BEGIN

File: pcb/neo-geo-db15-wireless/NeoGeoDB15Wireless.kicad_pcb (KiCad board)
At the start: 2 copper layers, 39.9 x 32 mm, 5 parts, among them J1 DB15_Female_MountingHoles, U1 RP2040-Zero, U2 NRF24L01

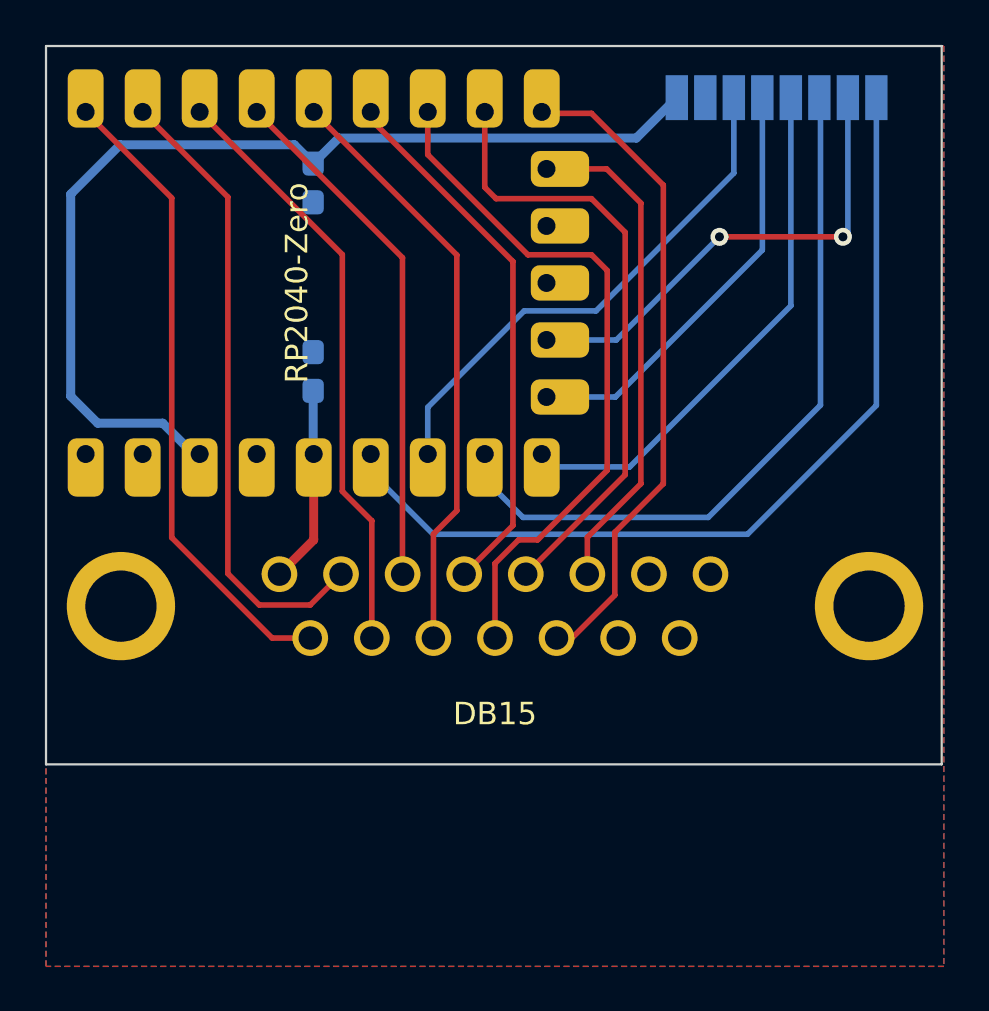
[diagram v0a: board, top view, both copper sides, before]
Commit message: Fixes errors in PCB, incorrect pin numbering on RP2040, unconnected grounds, ground mounting points, some vias to increase ground plane flood
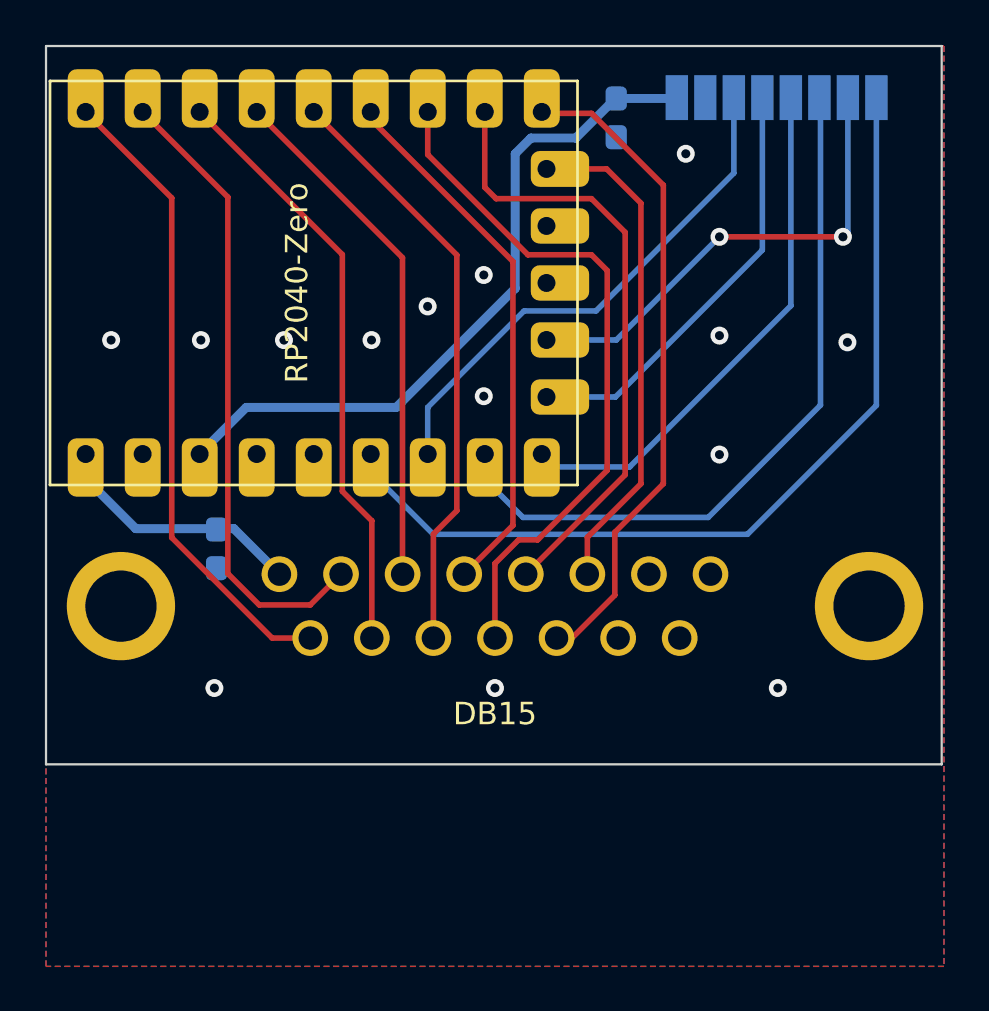
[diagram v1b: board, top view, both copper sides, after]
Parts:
- J1: value DB15_Female_MountingHoles -> DB15_F
- moved C2 13.8 mm to (105.4, 64.7)
- moved C1 8.99 mm to (87.6, 83.9), turned to -90 degrees
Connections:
- C1 pad 2: /GND -> GND
- C2 pad 2: /GND -> GND
- J1 pad 1: /GND -> GND
- U1 pad 22: /VCC -> GND
- U1 pad 23: /GND -> /VCC
- U2 pad 1: /GND -> GND
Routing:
- net /3V3: track 45.3 -> 31.3 mm
- net /VCC: track 8.81 -> 11.5 mm
- net GND: vias 0 -> 14
- added copper zone on B.Cu, net GND
- added copper zone on F.Cu, net GND
- removed copper zone on B.Cu, net /GND
- removed copper zone on F.Cu, net /GND

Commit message: Adds silk
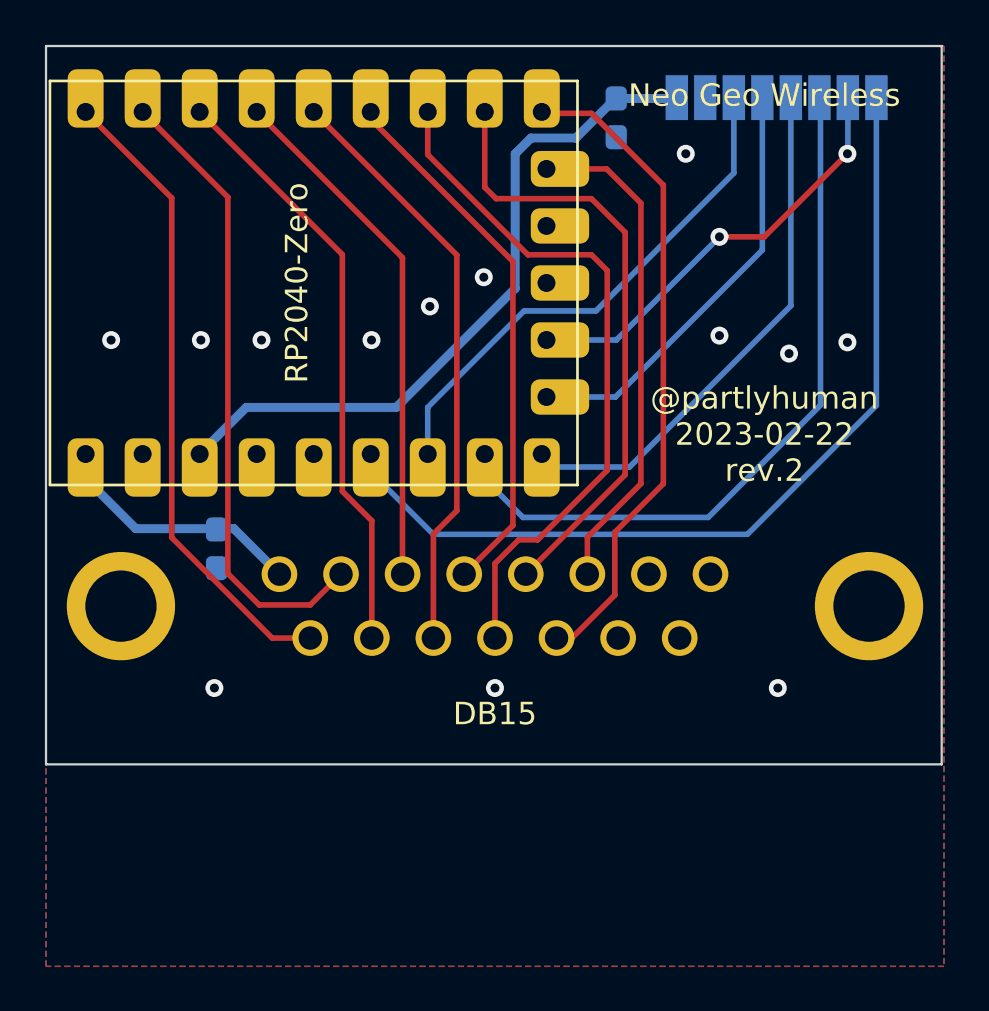
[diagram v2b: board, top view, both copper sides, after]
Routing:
- net /MISO: track 21.4 -> 19.3 mm
- net GND: vias 14 -> 13
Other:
- board text added: "${COMPANY} ${ISSUE_DATE} rev.${REVISION}"
- board text added: "Neo Geo Wireless"
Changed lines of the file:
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@@
   )
   (paper "A4")
+  (title_block
+    (title "Neo Geo Wireless Receiver")
+    (date "2023-02-22")
+    (rev "2")
+    (company "@partlyhuman")
+  )
   (layers
     (0 "F.Cu" signal)
@@
     (effects (font (size 1 1) (thickness 0.15)))
   )
+  (gr_text "${COMPANY}\n${ISSUE_DATE}\nrev.${REVISION}" (at 112 78.8) (layer "F.SilkS")
+    (effects (font (size 1 1) (thickness 0.15)))
+  )
+  (gr_text "Neo Geo Wireless" (at 112 63.7) (layer "F.SilkS")
+    (effects (font (size 1 1) (thickness 0.15)))
+  )
   (segment (start 88.370399 83) (end 90.398799 85.0284) (width 0.4) (layer "B.Cu") (net 3))
   (segment (start 84 83) (end 88.370399 83) (width 0.4) (layer "B.Cu") (net 3))
@@
   (segment (start 104.3 64.5) (end 102.15 64.5) (width 0.25) (layer "F.Cu") (net 14))
   (segment (start 103.4268 87.8732) (end 105.338194 85.961806) (width 0.25) (layer "F.Cu") (net 14))
-  (segment (start 110 70) (end 115.5 70) (width 0.25) (layer "F.Cu") (net 15))
+  (segment (start 112 70) (end 115.7 66.3) (width 0.25) (layer "F.Cu") (net 15))
+  (segment (start 110 70) (end 112 70) (width 0.25) (layer "F.Cu") (net 15))
   (via (at 110 70) (size 0.8) (drill 0.4) (layers "F.Cu" "B.Cu") (net 15))
-  (via (at 115.5 70) (size 0.8) (drill 0.4) (layers "F.Cu" "B.Cu") (net 15))
+  (via (at 115.7 66.3) (size 0.8) (drill 0.4) (layers "F.Cu" "B.Cu") (net 15))
+  (segment (start 115.72 66.28) (end 115.72 63.8) (width 0.25) (layer "B.Cu") (net 15))
+  (segment (start 115.7 66.3) (end 115.72 66.28) (width 0.25) (layer "B.Cu") (net 15))
   (segment (start 102.295 74.595) (end 105.405 74.595) (width 0.25) (layer "B.Cu") (net 15))
-  (segment (start 115.72 69.78) (end 115.72 63.8) (width 0.25) (layer "B.Cu") (net 15))
-  (segment (start 115.5 70) (end 115.72 69.78) (width 0.25) (layer "B.Cu") (net 15))
   (segment (start 105.405 74.595) (end 110 70) (width 0.25) (layer "B.Cu") (net 15))
   (segment (start 111.91 63.8) (end 111.91 70.59) (width 0.25) (layer "B.Cu") (net 16))
@@
   (via (at 82.9 74.6) (size 0.8) (drill 0.4) (layers "F.Cu" "B.Cu") (free) (net 26))
   (via (at 86.9 74.6) (size 0.8) (drill 0.4) (layers "F.Cu" "B.Cu") (free) (net 26))
-  (via (at 97 73.1) (size 0.8) (drill 0.4) (layers "F.Cu" "B.Cu") (free) (net 26))
+  (via (at 97.1 73.1) (size 0.8) (drill 0.4) (layers "F.Cu" "B.Cu") (free) (net 26))
   (via (at 87.5 90.1) (size 0.8) (drill 0.4) (layers "F.Cu" "B.Cu") (free) (net 26))
-  (via (at 99.5 71.7) (size 0.8) (drill 0.4) (layers "F.Cu" "B.Cu") (free) (net 26))
-  (via (at 99.5 77.1) (size 0.8) (drill 0.4) (layers "F.Cu" "B.Cu") (free) (net 26))
   (via (at 108.5 66.3) (size 0.8) (drill 0.4) (layers "F.Cu" "B.Cu") (free) (net 26))
   (via (at 100 90.1) (size 0.8) (drill 0.4) (layers "F.Cu" "B.Cu") (free) (net 26))
-  (via (at 110 79.7) (size 0.8) (drill 0.4) (layers "F.Cu" "B.Cu") (free) (net 26))
+  (via (at 113.1 75.2) (size 0.8) (drill 0.4) (layers "F.Cu" "B.Cu") (free) (net 26))
   (via (at 110 74.4) (size 0.8) (drill 0.4) (layers "F.Cu" "B.Cu") (free) (net 26))
+  (via (at 99.5 71.8) (size 0.8) (drill 0.4) (layers "F.Cu" "B.Cu") (free) (net 26))
   (via (at 112.6 90.1) (size 0.8) (drill 0.4) (layers "F.Cu" "B.Cu") (free) (net 26))
-  (via (at 90.6 74.6) (size 0.8) (drill 0.4) (layers "F.Cu" "B.Cu") (free) (net 26))
+  (via (at 89.6 74.6) (size 0.8) (drill 0.4) (layers "F.Cu" "B.Cu") (free) (net 26))
   (via (at 94.5 74.6) (size 0.8) (drill 0.4) (layers "F.Cu" "B.Cu") (free) (net 26))
   (zone (net 26) (net_name "GND") (layers F&B.Cu) (name "GroundPlane") (hatch edge 0.508)

END

▸ **Work required**: Where an image appears in the data, skip it, and return the rest verbatim.

▸ **Exercise response**:
File: pcb/neo-geo-db15-wireless/NeoGeoDB15Wireless.kicad_pcb (KiCad board)
At the start: 2 copper layers, 39.9 x 32 mm, 5 parts, among them J1 DB15_Female_MountingHoles, U1 RP2040-Zero, U2 NRF24L01

[diagram v0a: board, top view, both copper sides, before]
Commit message: Fixes errors in PCB, incorrect pin numbering on RP2040, unconnected grounds, ground mounting points, some vias to increase ground plane flood
[diagram v1b: board, top view, both copper sides, after]
Parts:
- J1: value DB15_Female_MountingHoles -> DB15_F
- moved C2 13.8 mm to (105.4, 64.7)
- moved C1 8.99 mm to (87.6, 83.9), turned to -90 degrees
Connections:
- C1 pad 2: /GND -> GND
- C2 pad 2: /GND -> GND
- J1 pad 1: /GND -> GND
- U1 pad 22: /VCC -> GND
- U1 pad 23: /GND -> /VCC
- U2 pad 1: /GND -> GND
Routing:
- net /3V3: track 45.3 -> 31.3 mm
- net /VCC: track 8.81 -> 11.5 mm
- net GND: vias 0 -> 14
- added copper zone on B.Cu, net GND
- added copper zone on F.Cu, net GND
- removed copper zone on B.Cu, net /GND
- removed copper zone on F.Cu, net /GND

Commit message: Adds silk
[diagram v2b: board, top view, both copper sides, after]
Routing:
- net /MISO: track 21.4 -> 19.3 mm
- net GND: vias 14 -> 13
Other:
- board text added: "${COMPANY} ${ISSUE_DATE} rev.${REVISION}"
- board text added: "Neo Geo Wireless"
Changed lines of the file:
@@
   )
   (paper "A4")
+  (title_block
+    (title "Neo Geo Wireless Receiver")
+    (date "2023-02-22")
+    (rev "2")
+    (company "@partlyhuman")
+  )
   (layers
     (0 "F.Cu" signal)
@@
     (effects (font (size 1 1) (thickness 0.15)))
   )
+  (gr_text "${COMPANY}\n${ISSUE_DATE}\nrev.${REVISION}" (at 112 78.8) (layer "F.SilkS")
+    (effects (font (size 1 1) (thickness 0.15)))
+  )
+  (gr_text "Neo Geo Wireless" (at 112 63.7) (layer "F.SilkS")
+    (effects (font (size 1 1) (thickness 0.15)))
+  )
   (segment (start 88.370399 83) (end 90.398799 85.0284) (width 0.4) (layer "B.Cu") (net 3))
   (segment (start 84 83) (end 88.370399 83) (width 0.4) (layer "B.Cu") (net 3))
@@
   (segment (start 104.3 64.5) (end 102.15 64.5) (width 0.25) (layer "F.Cu") (net 14))
   (segment (start 103.4268 87.8732) (end 105.338194 85.961806) (width 0.25) (layer "F.Cu") (net 14))
-  (segment (start 110 70) (end 115.5 70) (width 0.25) (layer "F.Cu") (net 15))
+  (segment (start 112 70) (end 115.7 66.3) (width 0.25) (layer "F.Cu") (net 15))
+  (segment (start 110 70) (end 112 70) (width 0.25) (layer "F.Cu") (net 15))
   (via (at 110 70) (size 0.8) (drill 0.4) (layers "F.Cu" "B.Cu") (net 15))
-  (via (at 115.5 70) (size 0.8) (drill 0.4) (layers "F.Cu" "B.Cu") (net 15))
+  (via (at 115.7 66.3) (size 0.8) (drill 0.4) (layers "F.Cu" "B.Cu") (net 15))
+  (segment (start 115.72 66.28) (end 115.72 63.8) (width 0.25) (layer "B.Cu") (net 15))
+  (segment (start 115.7 66.3) (end 115.72 66.28) (width 0.25) (layer "B.Cu") (net 15))
   (segment (start 102.295 74.595) (end 105.405 74.595) (width 0.25) (layer "B.Cu") (net 15))
-  (segment (start 115.72 69.78) (end 115.72 63.8) (width 0.25) (layer "B.Cu") (net 15))
-  (segment (start 115.5 70) (end 115.72 69.78) (width 0.25) (layer "B.Cu") (net 15))
   (segment (start 105.405 74.595) (end 110 70) (width 0.25) (layer "B.Cu") (net 15))
   (segment (start 111.91 63.8) (end 111.91 70.59) (width 0.25) (layer "B.Cu") (net 16))
@@
   (via (at 82.9 74.6) (size 0.8) (drill 0.4) (layers "F.Cu" "B.Cu") (free) (net 26))
   (via (at 86.9 74.6) (size 0.8) (drill 0.4) (layers "F.Cu" "B.Cu") (free) (net 26))
-  (via (at 97 73.1) (size 0.8) (drill 0.4) (layers "F.Cu" "B.Cu") (free) (net 26))
+  (via (at 97.1 73.1) (size 0.8) (drill 0.4) (layers "F.Cu" "B.Cu") (free) (net 26))
   (via (at 87.5 90.1) (size 0.8) (drill 0.4) (layers "F.Cu" "B.Cu") (free) (net 26))
-  (via (at 99.5 71.7) (size 0.8) (drill 0.4) (layers "F.Cu" "B.Cu") (free) (net 26))
-  (via (at 99.5 77.1) (size 0.8) (drill 0.4) (layers "F.Cu" "B.Cu") (free) (net 26))
   (via (at 108.5 66.3) (size 0.8) (drill 0.4) (layers "F.Cu" "B.Cu") (free) (net 26))
   (via (at 100 90.1) (size 0.8) (drill 0.4) (layers "F.Cu" "B.Cu") (free) (net 26))
-  (via (at 110 79.7) (size 0.8) (drill 0.4) (layers "F.Cu" "B.Cu") (free) (net 26))
+  (via (at 113.1 75.2) (size 0.8) (drill 0.4) (layers "F.Cu" "B.Cu") (free) (net 26))
   (via (at 110 74.4) (size 0.8) (drill 0.4) (layers "F.Cu" "B.Cu") (free) (net 26))
+  (via (at 99.5 71.8) (size 0.8) (drill 0.4) (layers "F.Cu" "B.Cu") (free) (net 26))
   (via (at 112.6 90.1) (size 0.8) (drill 0.4) (layers "F.Cu" "B.Cu") (free) (net 26))
-  (via (at 90.6 74.6) (size 0.8) (drill 0.4) (layers "F.Cu" "B.Cu") (free) (net 26))
+  (via (at 89.6 74.6) (size 0.8) (drill 0.4) (layers "F.Cu" "B.Cu") (free) (net 26))
   (via (at 94.5 74.6) (size 0.8) (drill 0.4) (layers "F.Cu" "B.Cu") (free) (net 26))
   (zone (net 26) (net_name "GND") (layers F&B.Cu) (name "GroundPlane") (hatch edge 0.508)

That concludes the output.